§ **Exercise directions**
Locate the string "extrude" in the records below. Copy every line where it occurs.
'''
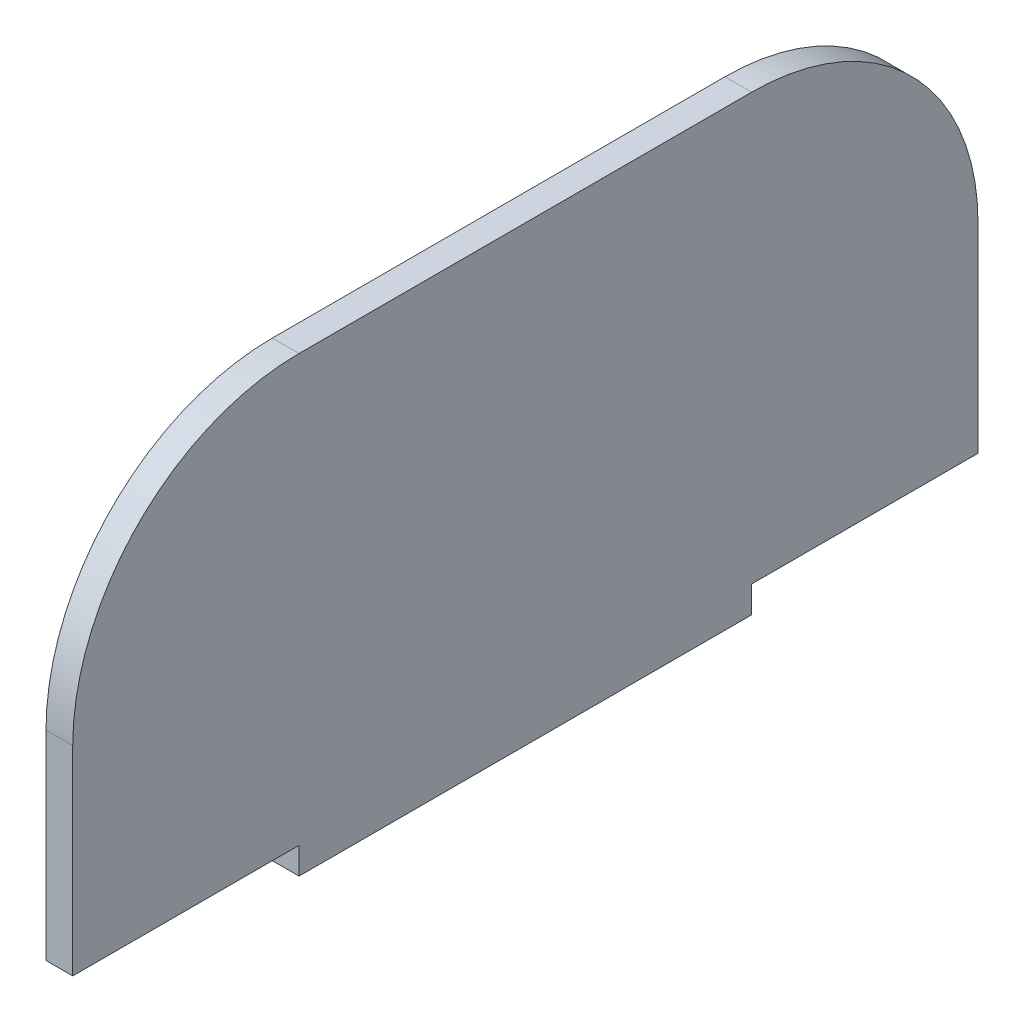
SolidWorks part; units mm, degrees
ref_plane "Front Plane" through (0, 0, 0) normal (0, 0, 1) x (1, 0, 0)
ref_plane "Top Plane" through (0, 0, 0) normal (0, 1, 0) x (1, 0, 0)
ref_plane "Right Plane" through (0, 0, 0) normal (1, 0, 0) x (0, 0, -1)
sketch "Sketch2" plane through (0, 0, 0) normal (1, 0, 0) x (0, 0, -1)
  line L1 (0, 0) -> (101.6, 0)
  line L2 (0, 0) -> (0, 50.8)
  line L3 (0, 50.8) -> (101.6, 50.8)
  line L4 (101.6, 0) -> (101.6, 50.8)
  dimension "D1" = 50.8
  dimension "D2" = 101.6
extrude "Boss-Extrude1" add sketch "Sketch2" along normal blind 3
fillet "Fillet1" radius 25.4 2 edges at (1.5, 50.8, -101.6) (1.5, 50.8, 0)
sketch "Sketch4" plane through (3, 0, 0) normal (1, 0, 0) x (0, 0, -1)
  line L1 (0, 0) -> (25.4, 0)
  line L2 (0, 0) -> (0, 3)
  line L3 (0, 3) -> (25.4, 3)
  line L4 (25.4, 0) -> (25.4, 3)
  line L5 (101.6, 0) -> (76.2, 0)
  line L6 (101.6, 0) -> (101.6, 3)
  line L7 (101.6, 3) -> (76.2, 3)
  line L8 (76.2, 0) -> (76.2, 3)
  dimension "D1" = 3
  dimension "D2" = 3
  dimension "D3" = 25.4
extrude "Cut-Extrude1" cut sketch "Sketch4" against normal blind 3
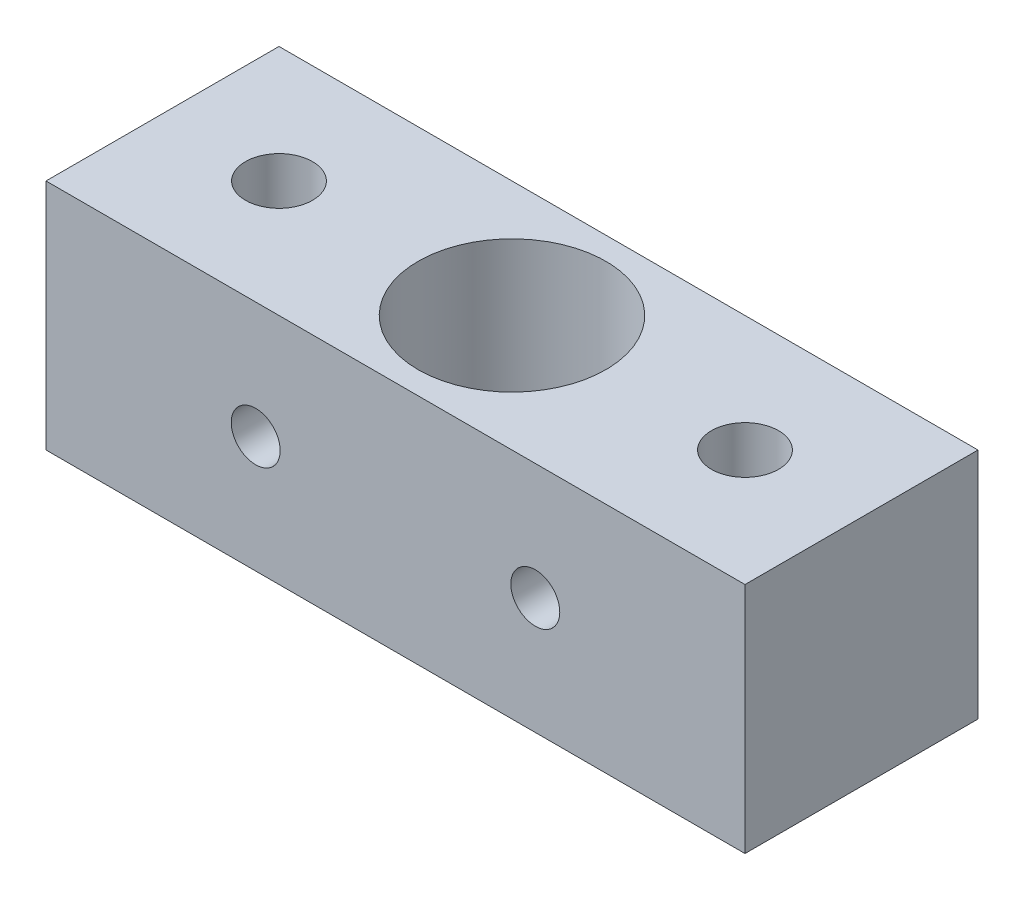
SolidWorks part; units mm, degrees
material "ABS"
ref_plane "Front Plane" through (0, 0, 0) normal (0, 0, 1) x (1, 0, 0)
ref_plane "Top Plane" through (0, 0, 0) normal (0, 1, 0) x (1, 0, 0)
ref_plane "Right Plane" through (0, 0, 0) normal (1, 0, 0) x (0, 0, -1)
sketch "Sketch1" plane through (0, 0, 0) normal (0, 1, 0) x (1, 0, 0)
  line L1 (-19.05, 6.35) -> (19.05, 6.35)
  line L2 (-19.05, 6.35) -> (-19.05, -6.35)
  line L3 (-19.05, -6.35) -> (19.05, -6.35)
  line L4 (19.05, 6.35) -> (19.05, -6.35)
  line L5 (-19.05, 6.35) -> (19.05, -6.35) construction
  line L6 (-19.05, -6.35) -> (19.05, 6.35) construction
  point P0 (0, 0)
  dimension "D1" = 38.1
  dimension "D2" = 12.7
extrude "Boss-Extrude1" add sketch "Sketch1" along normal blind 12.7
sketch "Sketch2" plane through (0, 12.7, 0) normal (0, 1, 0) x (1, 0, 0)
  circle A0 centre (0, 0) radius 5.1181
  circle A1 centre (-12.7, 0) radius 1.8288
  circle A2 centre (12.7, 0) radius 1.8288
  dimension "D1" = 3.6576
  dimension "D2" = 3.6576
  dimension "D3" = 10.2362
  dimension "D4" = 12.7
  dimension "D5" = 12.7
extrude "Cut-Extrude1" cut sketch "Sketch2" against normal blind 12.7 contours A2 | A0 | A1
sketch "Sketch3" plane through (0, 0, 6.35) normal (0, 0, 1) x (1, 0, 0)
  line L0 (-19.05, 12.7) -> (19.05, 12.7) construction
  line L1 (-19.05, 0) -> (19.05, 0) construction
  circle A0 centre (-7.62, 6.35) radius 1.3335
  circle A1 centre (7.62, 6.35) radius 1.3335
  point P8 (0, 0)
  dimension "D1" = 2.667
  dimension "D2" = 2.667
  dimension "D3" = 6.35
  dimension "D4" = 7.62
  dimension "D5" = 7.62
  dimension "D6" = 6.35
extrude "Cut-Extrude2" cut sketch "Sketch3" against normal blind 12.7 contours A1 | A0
'''
§ **Response**
extrude "Boss-Extrude1" add sketch "Sketch2" along normal blind 3
extrude "Cut-Extrude1" cut sketch "Sketch4" against normal blind 3
extrude "Boss-Extrude1" add sketch "Sketch1" along normal blind 12.7
extrude "Cut-Extrude1" cut sketch "Sketch2" against normal blind 12.7 contours A2 | A0 | A1
extrude "Cut-Extrude2" cut sketch "Sketch3" against normal blind 12.7 contours A1 | A0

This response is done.